Robert Hamill

Bingo Day – Original Version

I remember most of my time at St. Ambrose grade school with pleasure, but Bingo Day in the 8th grade is an exception.  I never talk about it, yet it pops into my head at the most inopportune times.

School Sisters of Notre Dame nuns taught St. Ambrose back then.  They wore thick black cloth from head to foot, except for a splash of white in the recess of their cowls, outlining their faces like lowered halos.

The boy’s uniform included black or dark brown slacks and white shirts with the school blue tie.  Hair was to be cut short, never combed back like greasers. Girls wore starched, sky blue frocks with white collars and navy blue knee-highs.  Sr. Boniface emphatically insisted they comb their hair; no teased hair for her girls.

If a boy arrived with a wrinkled shirt or a girl with faded knee-highs, they were sent home to be properly attired.

Two weeks ago it was announced that, after the standardized tests, the whole school would have a Bingo Day in the big auditorium.  As eighth graders, we were at the top,  first in all regards.  We walked through the doubled door into the large empty auditorium.   Nothing was setup up yet.  The boys were to setup the long tables and chairs.  You’ve probably know the type of tables.  Eight feet long, laminated dark brown playing surface, steel gray ribbons around the top edge to protect it, and steel foldout legs.

Tony and I teamed up.  I slid my book bag to the wall with the tall windows.  Other boys started on parallel rows behind us.

Sister called the girls up to the stage end of the auditorium, where she would distribute the bingo cards to them, setup the bingo drum, and the candy store.

Tony was catty-corner from me on the last table in our line when it happened.  We righted up the table after extending the legs.  The metal piping snagged my right front pocket.  As the table came upright, it tore a six-inch rip across to my zipper.

The white of my underwear was exposed to the world.  I grabbed the ripped material and hid as much white as I could.  I grabbed a chair and sat.

Fortunately, Tony was looking up at the stage, unaware of my plight.  “I’m going to see what else I can do.” He hurried up to the stage, next to Carol, who every boy had a crush on.

I sat, facing the tall windows.  No one else was around me.  Cautiously I moved my hand from the rip.  My skin showed as well as my underwear!   I couldn’t let anyone see.  I’d never get up again.
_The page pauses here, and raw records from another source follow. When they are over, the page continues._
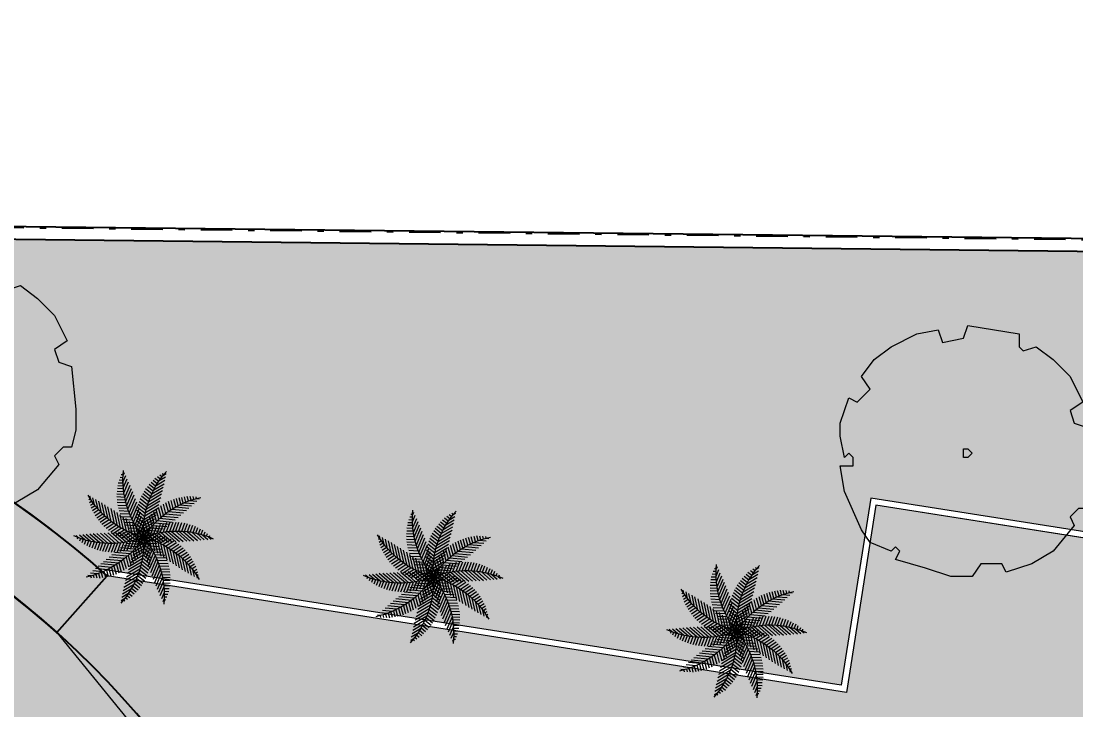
# Model space of a CAD drawing. Header units: inches. Extents: x 0 to 558, y -1 to 295.
# Drawn here: x 388.94 to 405.65, y 196.15 to 207.07 of the extents above; entities that cross this region are included whole.
import ezdxf

# ---------------------------------------------------------------- set-up
doc = ezdxf.new("R2010")
doc.units = ezdxf.units.IN
doc.header["$MEASUREMENT"] = 0
doc.linetypes.add('DASHDOT', pattern=[1, 0.5, -0.25, 0, -0.25])
doc.layers.get('defpoints').update_dxf_attribs({"color": 1})
for name, color, linetype in [('A-ROAD', 4, 'Continuous'), ('ARC_SECTION LINE', 5, 'DASHDOT'), ('dinding', 3, 'Continuous'), ('LANTAI', 57, 'Continuous')]:
    doc.layers.add(name, color=color, linetype=linetype)
for name, color, linetype, lineweight in [('ARSIR', 31, 'Continuous', 5), ('ARSIR BETON', 8, 'Continuous', 5), ('DINDING2', 146, 'Continuous', 5), ('POHON', 98, 'Continuous', 5), ('RUMPUT', 93, 'Continuous', 0), ('u', 6, 'Continuous', 20)]:
    doc.layers.add(name, color=color, linetype=linetype, lineweight=lineweight)
doc.styles.get("Standard").update_dxf_attribs({"font": 'arial.ttf'})
doc.dimstyles.new('sk-100 (SITE)', dxfattribs={"dimtxt": 1.5, "dimasz": 0.2, "dimexe": 0.2, "dimexo": 0, "dimgap": 0.1, "dimtad": 1, "dimdec": 0, "dimlfac": 100, "dimzin": 0, "dimdsep": 46, "dimtxsty": 'Standard', "dimblk": 'OBLIQUE', "dimcen": 0.09, "dimadec": 0, "dimazin": 0, "dimtfac": 1, "dimtdec": 0, "dimtofl": 0, "dimtmove": 0, "dimatfit": 3, "dimldrblk": 'OBLIQUE', "dimfxl": 1, "dimtolj": 1, "dimtzin": 0, "dimarcsym": 0})

# ---------------------------------------------------------------- blocks, each defined once
blk = doc.blocks.new('PHN-1')
at = {"linetype": 'Continuous'}
for points in [[(886.643, -157.758), (886.912, -158.365), (886.98, -158.77), (886.777, -158.77), (886.777, -158.905), (886.845, -158.972), (886.912, -158.905), (886.98, -159.242), (886.98, -159.444), (886.845, -159.848), (886.71, -159.781), (886.508, -159.983), (886.643, -160.185), (886.44, -160.455), (886.171, -160.657), (885.766, -160.86), (885.429, -160.927), (885.362, -160.725), (885.025, -160.792), (884.957, -160.994), (884.148, -160.86), (884.148, -160.657), (884.081, -160.59), (883.878, -160.657), (883.609, -160.455), (883.339, -160.185), (883.137, -159.781), (883.339, -159.646), (883.272, -159.444), (883.069, -159.376), (883.002, -158.702), (883.002, -158.365), (883.069, -158.096), (883.204, -158.096), (883.339, -157.961), (883.272, -157.826), (883.609, -157.421), (883.946, -157.219), (884.35, -157.084), (884.418, -157.219), (884.755, -157.219), (884.89, -157.017), (885.227, -157.017), (885.631, -157.152), (886.103, -157.287), (886.036, -157.421), (886.103, -157.489), (886.171, -157.421), (886.508, -157.556), (886.643, -157.758)], [(884.89, -158.972), (884.89, -158.972), (884.957, -158.905), (885.025, -158.905), (885.025, -158.972), (885.025, -159.039), (885.025, -159.039), (884.957, -159.039), (884.89, -158.972)]]:
    blk.add_lwpolyline(points, dxfattribs=at)
blk = doc.blocks.new('_Oblique')
at = {"color": 0, "linetype": 'ByBlock', "lineweight": -2}
blk.add_line((-0.5, -0.5), (0.5, 0.5), dxfattribs=at)
blk = doc.blocks.new('*D195')
at = {"layer": 'defpoints', "color": 0}
for p in [(285.446, 210.125), (285.387, 204.977), (489.936, 202.663)]:
    blk.add_point(p, dxfattribs=at)
at = {"layer": 'u', "color": 0, "lineweight": -2}
for p, q in [((285.387, 204.977), (285.448, 210.325)), ((489.994, 207.811), (285.446, 210.125)), ((489.936, 202.663), (489.996, 208.011))]:
    blk.add_line(p, q, dxfattribs=at)
at = {"layer": 'u', "color": 0, "lineweight": -2, "xscale": 0.2, "yscale": 0.2, "zscale": 0.2}
for p, rotation in [((285.446, 210.125), 179.3519097727704), ((489.994, 207.811), 359.3519097727704)]:
    blk.add_blockref('_Oblique', p, dxfattribs=dict(at, rotation=rotation))
at = {"layer": 'u', "color": 0, "insert": (387.729, 209.834), "char_height": 1.5, "attachment_point": 5, "rotation": 359.3519}
blk.add_mtext('\\A1;20456', dxfattribs=at)
blk = doc.blocks.new('A$C08441736')
at = {"color": 82}
for p, q in [((0.029, 0.676), (-0.025, 0.737)), ((0.006, 0.747), (-0.02, 0.776)), ((0.003, 0.755), (0.022, 0.762)), ((0.014, 0.725), (0.044, 0.736)), ((0.065, 0.502), (-0.037, 0.619)), ((0.057, 0.555), (-0.033, 0.659)), ((0.046, 0.613), (-0.029, 0.698)), ((0.024, 0.694), (0.064, 0.709)), ((0.033, 0.663), (0.085, 0.683)), ((0.041, 0.632), (0.098, 0.654)), ((0.048, 0.601), (0.113, 0.625)), ((-0.267, 0.469), (-0.221, 0.539)), ((-0.244, 0.446), (-0.195, 0.52)), ((-0.222, 0.421), (-0.17, 0.5)), ((0.072, 0.362), (-0.046, 0.496)), ((0.071, 0.406), (-0.044, 0.537)), ((0.069, 0.453), (-0.04, 0.578)), ((0.055, 0.569), (0.126, 0.596)), ((0.06, 0.537), (0.138, 0.566)), ((0.065, 0.504), (0.148, 0.535)), ((0.068, 0.471), (0.157, 0.504)), ((-0.21, 0.407), (-0.373, 0.444)), ((-0.181, 0.371), (-0.351, 0.409)), ((-0.155, 0.335), (-0.329, 0.374)), ((-0.2, 0.395), (-0.145, 0.479)), ((-0.179, 0.369), (-0.122, 0.456)), ((-0.159, 0.341), (-0.1, 0.431)), ((-0.14, 0.313), (-0.079, 0.405)), ((-0.121, 0.283), (-0.059, 0.377)), ((0.062, 0.239), (-0.052, 0.37)), ((0.067, 0.278), (-0.05, 0.412)), ((0.07, 0.319), (-0.048, 0.454)), ((0.07, 0.438), (0.164, 0.473)), ((0.071, 0.335), (0.174, 0.374)), ((0.072, 0.404), (0.169, 0.44)), ((0.072, 0.37), (0.173, 0.407)), ((-0.131, 0.299), (-0.306, 0.339)), ((-0.11, 0.265), (-0.283, 0.304)), ((-0.09, 0.23), (-0.259, 0.269)), ((-0.198, 0.128), (-0.204, 0.243)), ((-0.103, 0.252), (-0.04, 0.348)), ((-0.085, 0.22), (-0.022, 0.316)), ((-0.069, 0.187), (-0.006, 0.283)), ((0.049, 0.165), (-0.058, 0.288)), ((0.056, 0.202), (-0.053, 0.326)), ((-0.053, 0.153), (0.009, 0.247)), ((0.061, 0.228), (0.168, 0.269)), ((0.065, 0.264), (0.172, 0.305)), ((0.069, 0.3), (0.174, 0.34)), ((0.137, 0.105), (0.122, 0.267)), ((0.164, 0.13), (0.149, 0.295)), ((0.191, 0.157), (0.175, 0.329)), ((0.218, 0.186), (0.202, 0.363)), ((-0.208, 0.133), (-0.367, 0.065)), ((-0.073, 0.196), (-0.235, 0.233)), ((-0.057, 0.163), (-0.216, 0.199)), ((-0.043, 0.13), (-0.183, 0.161)), ((-0.166, 0.111), (-0.171, 0.225)), ((-0.03, 0.097), (-0.157, 0.125)), ((-0.133, 0.093), (-0.138, 0.205)), ((-0.1, 0.072), (-0.105, 0.181)), ((-0.066, 0.05), (-0.071, 0.154)), ((0.041, 0.13), (-0.054, 0.238)), ((0.032, 0.096), (-0.053, 0.194)), ((0.022, 0.063), (-0.052, 0.148)), ((-0.038, 0.117), (0.022, 0.208)), ((-0.033, 0.026), (-0.038, 0.122)), ((-0.024, 0.08), (0.033, 0.167)), ((0.038, 0.117), (0.14, 0.156)), ((0.055, 0.038), (0.045, 0.151)), ((0.047, 0.155), (0.152, 0.194)), ((0.055, 0.192), (0.162, 0.232)), ((0.083, 0.059), (0.071, 0.188)), ((0.11, 0.081), (0.097, 0.224)), ((0.137, 0.001), (0.21, 0.125)), ((-0.174, 0.116), (-0.327, 0.051)), ((-0.142, 0.098), (-0.291, 0.034)), ((-0.199, -0.007), (-0.271, 0.082)), ((-0.111, 0.08), (-0.243, 0.023)), ((-0.162, -0.003), (-0.232, 0.085)), ((-0.081, 0.06), (-0.201, 0.009)), ((-0.123, 0), (-0.191, 0.085)), ((-0.101, 0.001), (-0.168, -0.11)), ((-0.053, 0.041), (-0.157, -0.004)), ((-0.083, 0.002), (-0.148, 0.083)), ((-0.019, 0.064), (-0.129, 0.089)), ((-0.035, -0.024), (-0.128, 0.002)), ((-0.067, 0.002), (-0.125, -0.096)), ((-0.026, 0.021), (-0.113, -0.017)), ((-0.042, 0.002), (-0.102, 0.077)), ((-0.009, 0.032), (-0.101, 0.053)), ((0, 0), (-0.082, 0.023)), ((-0.033, 0.001), (-0.082, -0.08)), ((0, 0), (-0.072, 0.016)), ((0, 0), (-0.053, 0.066)), ((0.012, 0.031), (-0.051, 0.102)), ((0, 0), (-0.049, 0.056)), ((-0.012, 0.041), (0.041, 0.121)), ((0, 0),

I felt heat rush to my neck and cheeks.  The only thing in my mind was that I was trapped in a disaster with no escape.

Tony called from the stage, “Hey Bobby, we need some help with the chairs for the little kids.”

I turned to see him and shook my head.  “In a bit, let me catch my breath.”

He looked hard at me.  “Your face is red.”  Then he continued, “Don’t worry, buddy.  I’ll do it.”

The joy of Bingo Day was lost to me.  I couldn’t get up to buy a Big Daddy sucker, although for 5 cents it was the best deal going.

Then the obvious struck me.  I’d have to get up when bingo is over.  My mind started whirling again with excuses I could make.

Carol sat across from me with Tony next to her.  The rest of my classmates were all around us.

Finally, the game began.  Sister spun the glass drum that held the white, labeled balls and picked the first one.  “B13.”   Each number came at such a slow deliberate pace, we had time to talk and look at each other’s cards.

In the third game, when Sister called “O75”, Carol turned to me.  “That’s your winner, isn’t it?”

I shook my head no and pointed to my card.  She looked puzzled when she saw I was missing one in the row.  I’d removed G60, before I placed down O75.  No way was I walking up to the stage to get my choice of a Sr. Beatrice sashay, a fancy candy, or a paperback atlas.

At last, the 2:30 bell rung.  Sister Boniface was busy with the running of some of my classmates.  She didn’t pay attention to me when she left.  I stuck in my seat until everyone headed back to their classrooms.

Then I grabbed my book bag and snuck out the Safety’s back door to the alley behind St. Ambrose.

I was ahead of everybody else who waited in class for their teacher’s dismissal.  I ran down the long alley, holding my book bag in front on my pants, to make sure no one caught up to me.  I had until tomorrow morning to dream up an excuse why I didn’t come back to the classroom.

That night, drying dishes, I told Mom about the snag and the tear.

“Did you cut your leg?” she asked, and then added, “Were you roughhousing with Tony?”

“No, no.  It just happened,” I answered.

“An accident then.” she said.  When she asked about Sister’s reaction, I said Sister didn’t notice.

Mom gave me a faint smile with a furrow in her brow while vaguely nodding her head.

It took time and my own children, before I understood the meaning of her enigmatic smile. Embarrassment is in the head, not in the act.